YOUR TASK
Pictures are not part of the copy; retype all the records below exactly.

[Data entries]
☆ ☆ ☆ ☆ ☆ ☆ ☆

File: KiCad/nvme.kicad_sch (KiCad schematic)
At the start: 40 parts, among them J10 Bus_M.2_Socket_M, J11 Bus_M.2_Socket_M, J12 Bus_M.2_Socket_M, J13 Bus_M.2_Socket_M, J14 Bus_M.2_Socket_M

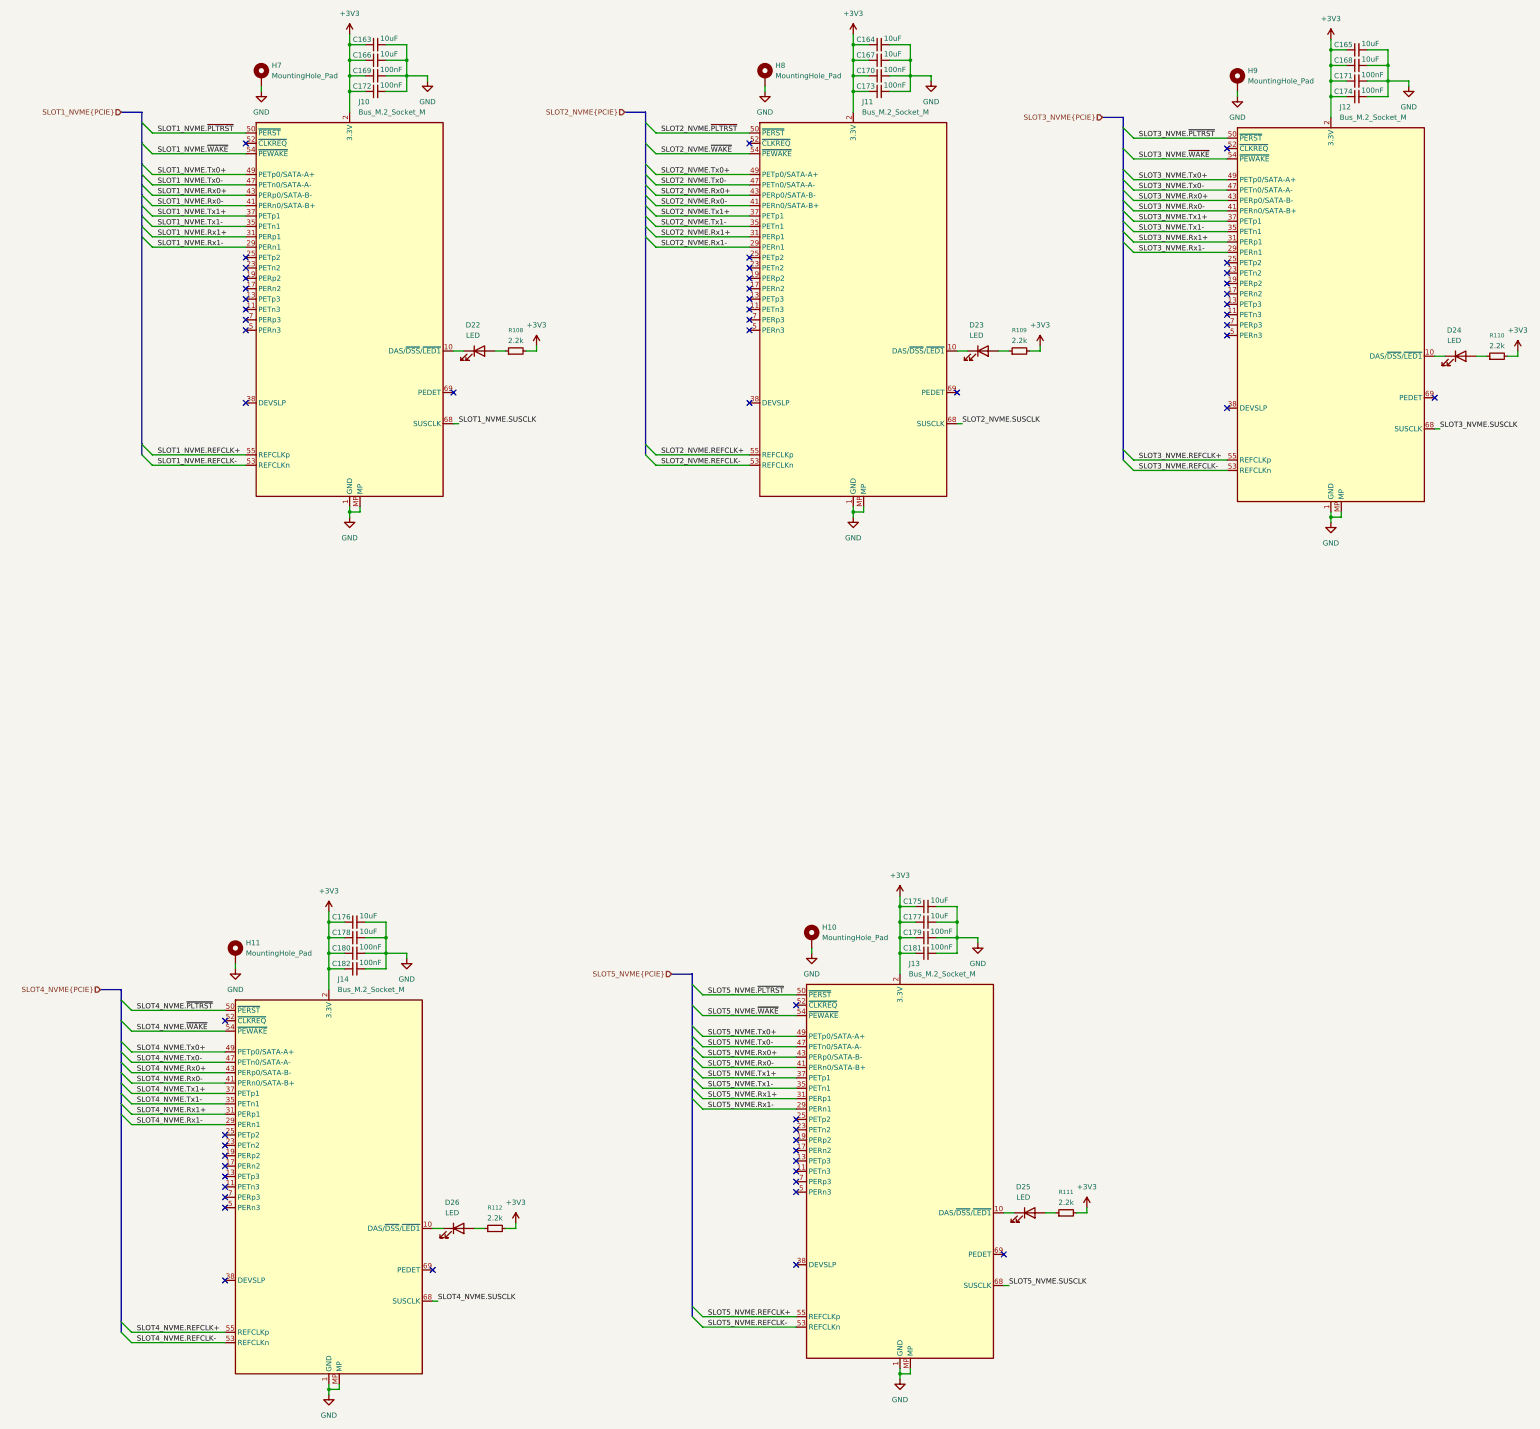
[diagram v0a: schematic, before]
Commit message: Re-annotate schematic
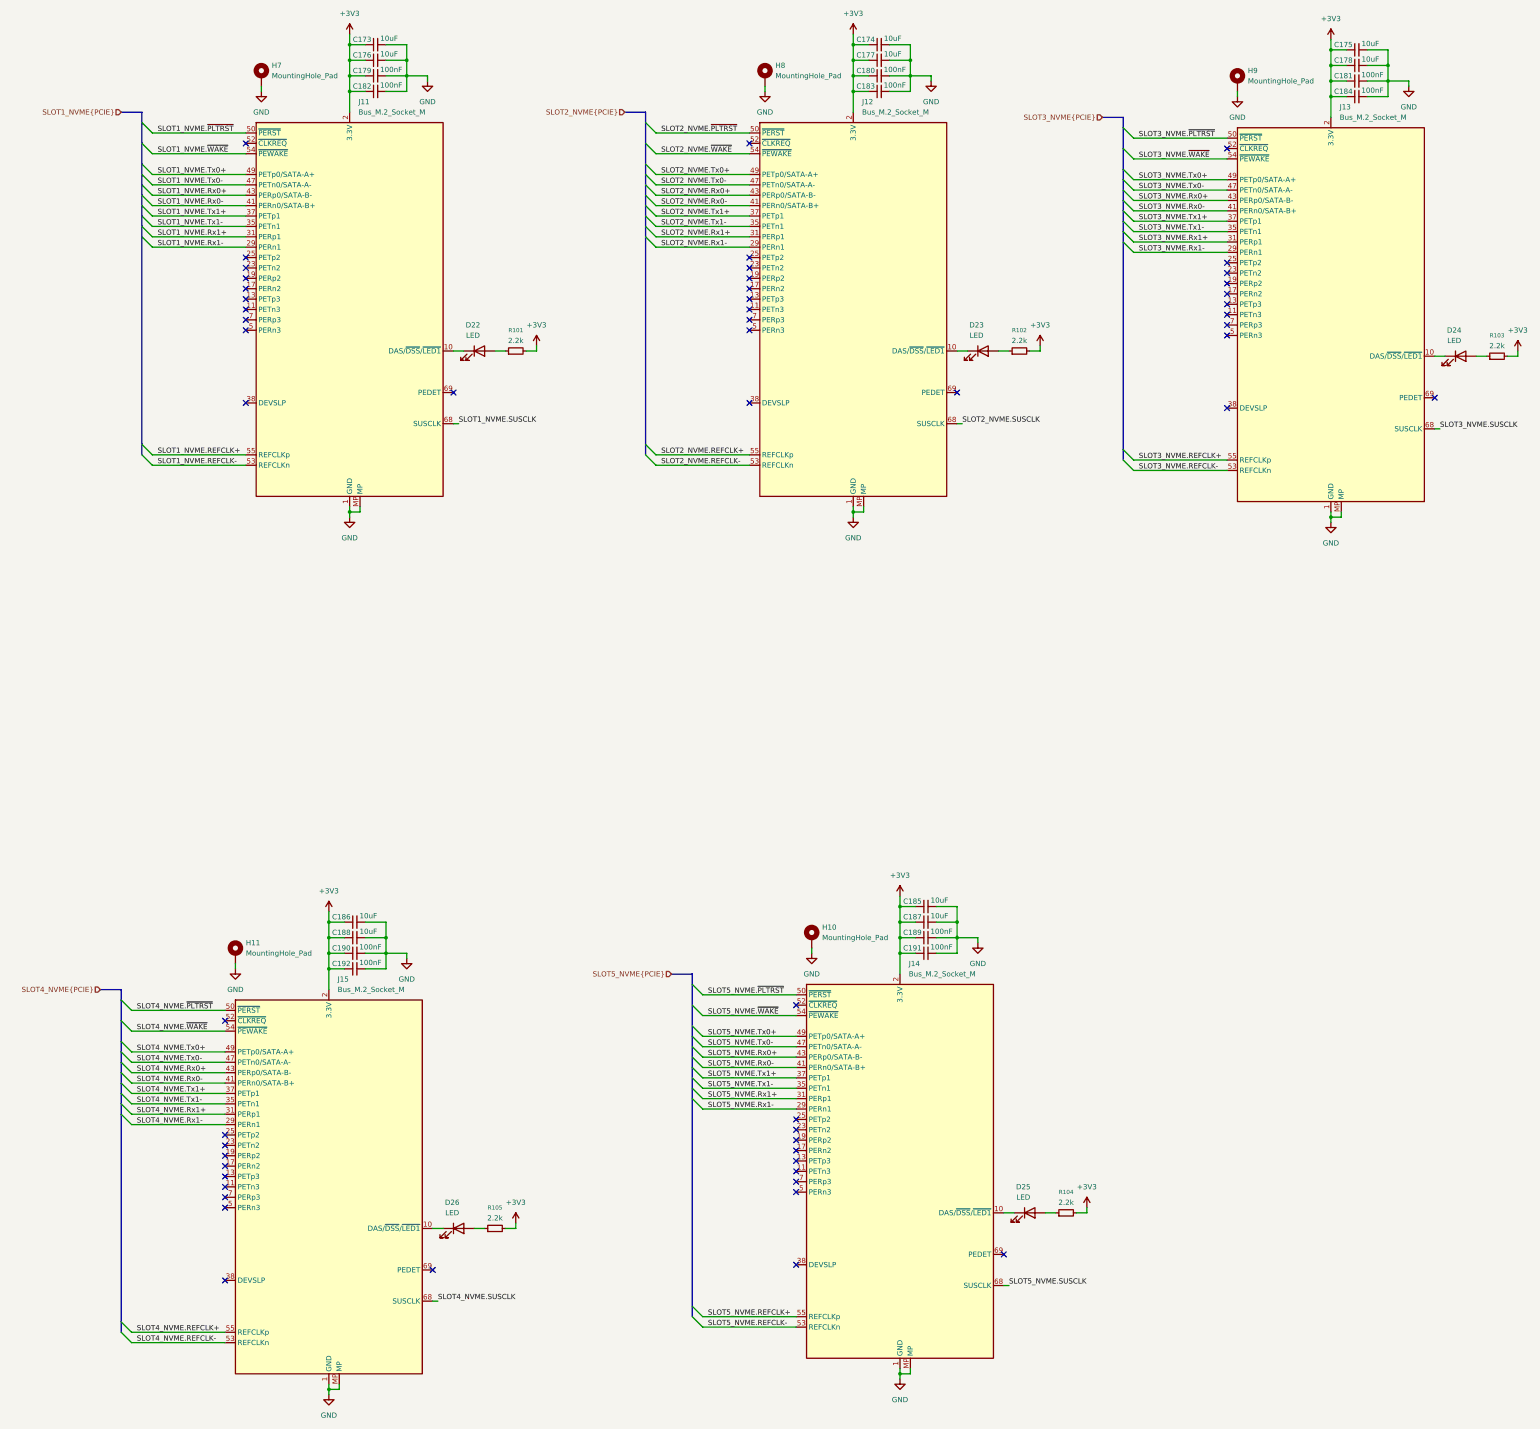
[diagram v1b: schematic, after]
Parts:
- renumbered C163 to C173, C164 to C174, C165 to C175, C166 to C176, C167 to C177, C168 to C178, C169 to C179, C170 to C180, C171 to C181, C172 to C182, C173 to C183, C174 to C184, C175 to C185, C176 to C186, C177 to C187, C178 to C188, C179 to C189, C180 to C190, C181 to C191, C182 to C192, J10 to J11, J11 to J12, J12 to J13, J13 to J14, J14 to J15, R108 to R101, R109 to R102, R110 to R103, R111 to R104, R112 to R105

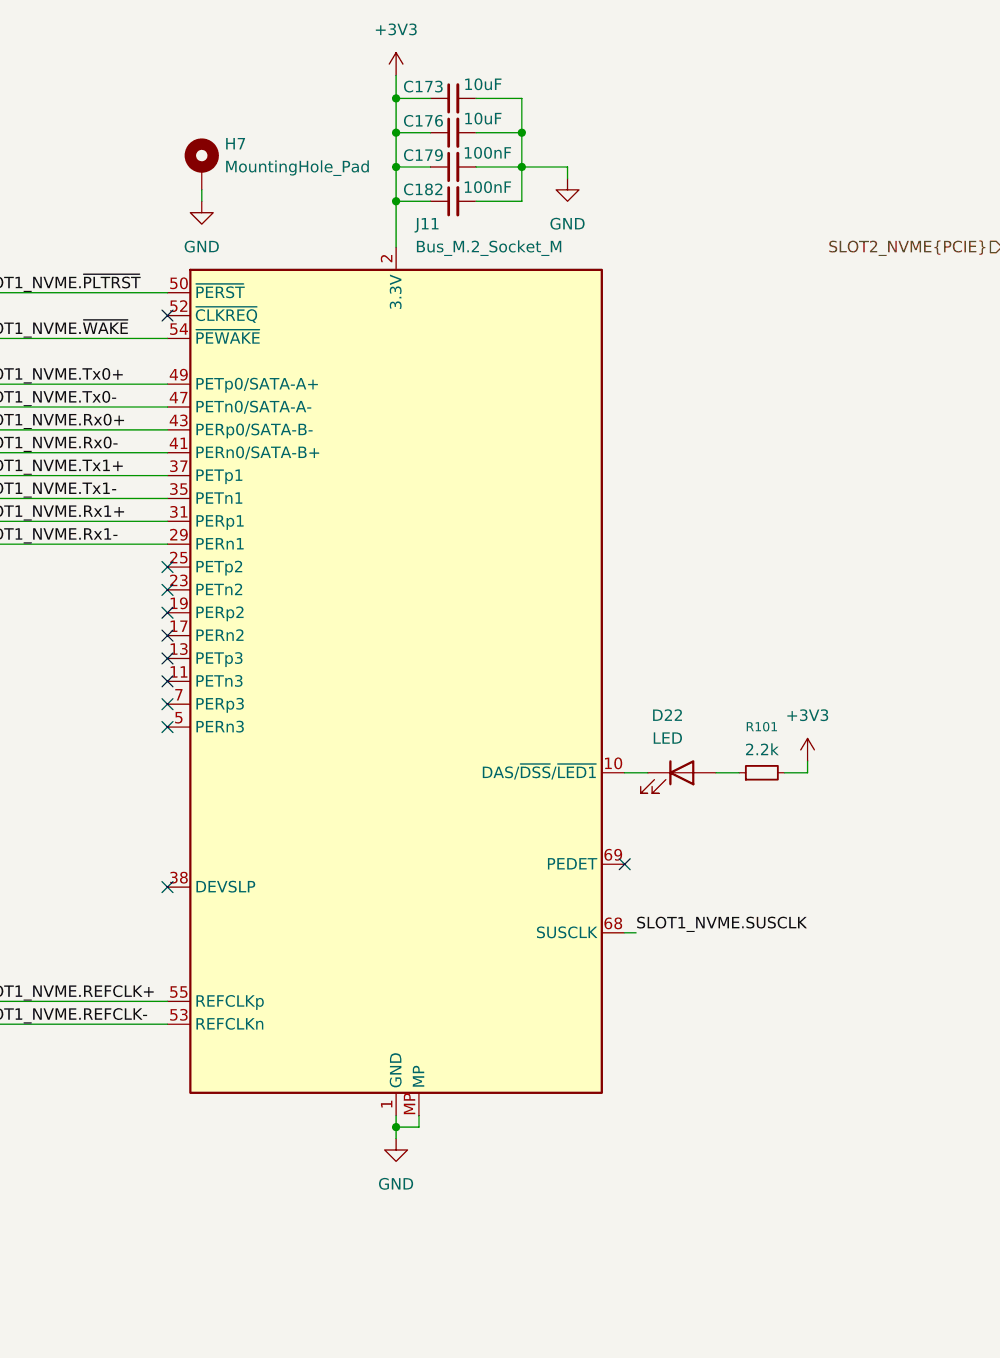
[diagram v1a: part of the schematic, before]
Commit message: Begin moving IO to module sheets
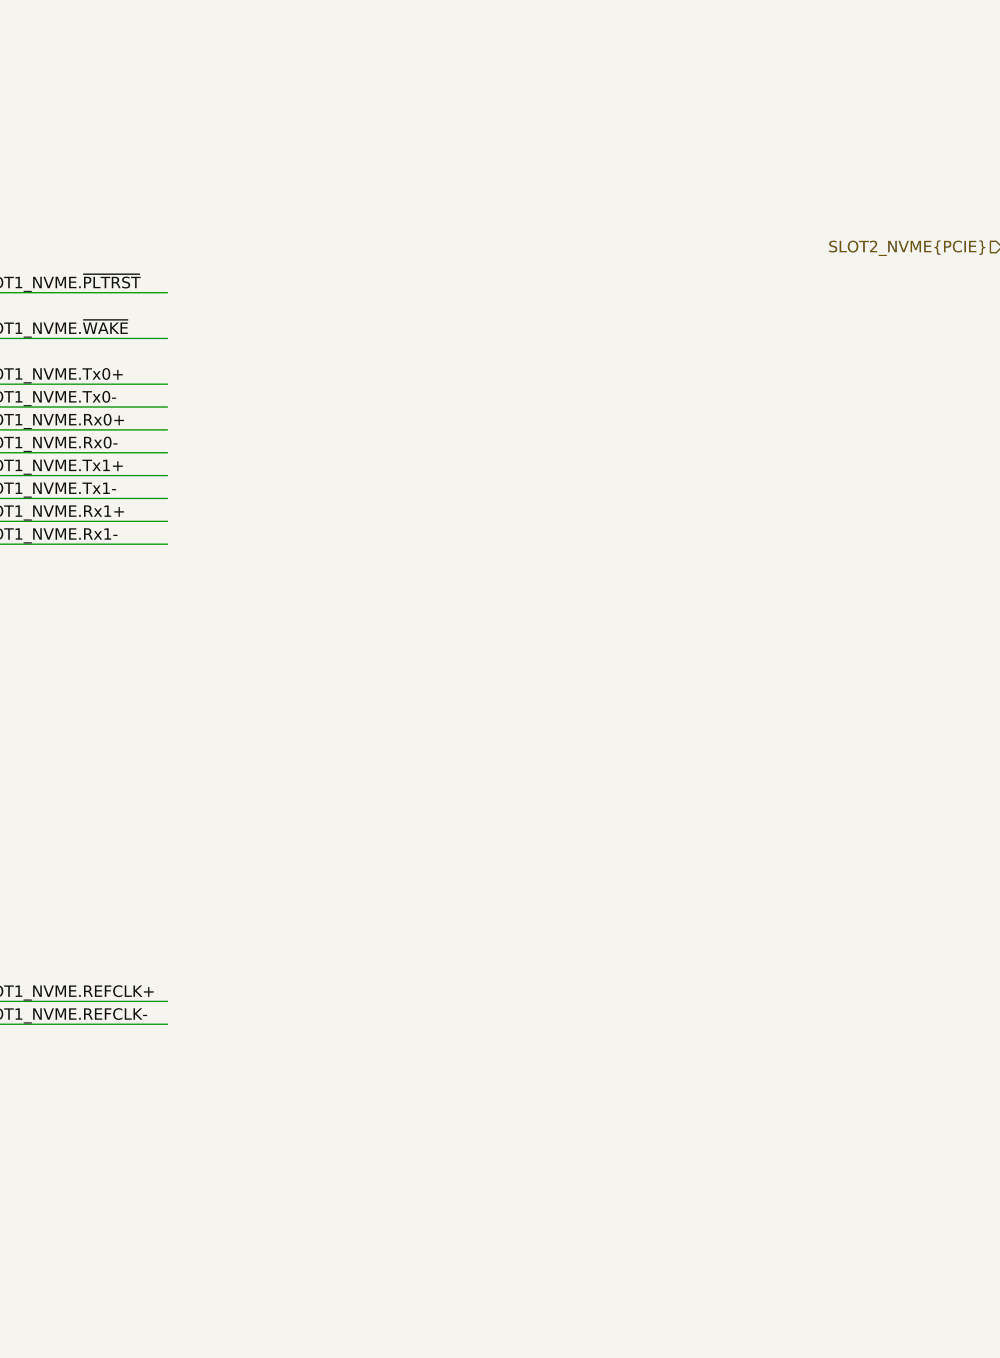
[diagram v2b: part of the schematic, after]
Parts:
- removed C173, C176: 10uF, Capacitor_SMD:C_0603_1608Metric, symbol Device:C_Small
- removed C179, C182: 100nF, Capacitor_SMD:C_0402_1005Metric, symbol Device:C_Small
- removed D22: LED, LED_SMD:LED_0603_1608Metric, symbol Device:LED
- removed H7: MountingHole_Pad, MountingHole:MountingHole_2.2mm_M2_Pad_Via, symbol Mechanical:MountingHole_Pad
- removed J11: Bus_M.2_Socket_M, EasyEDA2KiCAD:CONN-SMD_AS0BC21-S30BM-7H, symbol Connector:Bus_M.2_Socket_M
- removed R101: 2.2k, Resistor_SMD:R_0402_1005Metric, symbol Device:R_Small
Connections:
- no-connect marks 55 -> 44

☆ ☆ ☆ ☆ ☆ ☆ ☆

SOLUTION BELOW
File: KiCad/nvme.kicad_sch (KiCad schematic)
At the start: 40 parts, among them J10 Bus_M.2_Socket_M, J11 Bus_M.2_Socket_M, J12 Bus_M.2_Socket_M, J13 Bus_M.2_Socket_M, J14 Bus_M.2_Socket_M

[diagram v0a: schematic, before]
Commit message: Re-annotate schematic
[diagram v1b: schematic, after]
Parts:
- renumbered C163 to C173, C164 to C174, C165 to C175, C166 to C176, C167 to C177, C168 to C178, C169 to C179, C170 to C180, C171 to C181, C172 to C182, C173 to C183, C174 to C184, C175 to C185, C176 to C186, C177 to C187, C178 to C188, C179 to C189, C180 to C190, C181 to C191, C182 to C192, J10 to J11, J11 to J12, J12 to J13, J13 to J14, J14 to J15, R108 to R101, R109 to R102, R110 to R103, R111 to R104, R112 to R105

[diagram v1a: part of the schematic, before]
Commit message: Begin moving IO to module sheets
[diagram v2b: part of the schematic, after]
Parts:
- removed C173, C176: 10uF, Capacitor_SMD:C_0603_1608Metric, symbol Device:C_Small
- removed C179, C182: 100nF, Capacitor_SMD:C_0402_1005Metric, symbol Device:C_Small
- removed D22: LED, LED_SMD:LED_0603_1608Metric, symbol Device:LED
- removed H7: MountingHole_Pad, MountingHole:MountingHole_2.2mm_M2_Pad_Via, symbol Mechanical:MountingHole_Pad
- removed J11: Bus_M.2_Socket_M, EasyEDA2KiCAD:CONN-SMD_AS0BC21-S30BM-7H, symbol Connector:Bus_M.2_Socket_M
- removed R101: 2.2k, Resistor_SMD:R_0402_1005Metric, symbol Device:R_Small
Connections:
- no-connect marks 55 -> 44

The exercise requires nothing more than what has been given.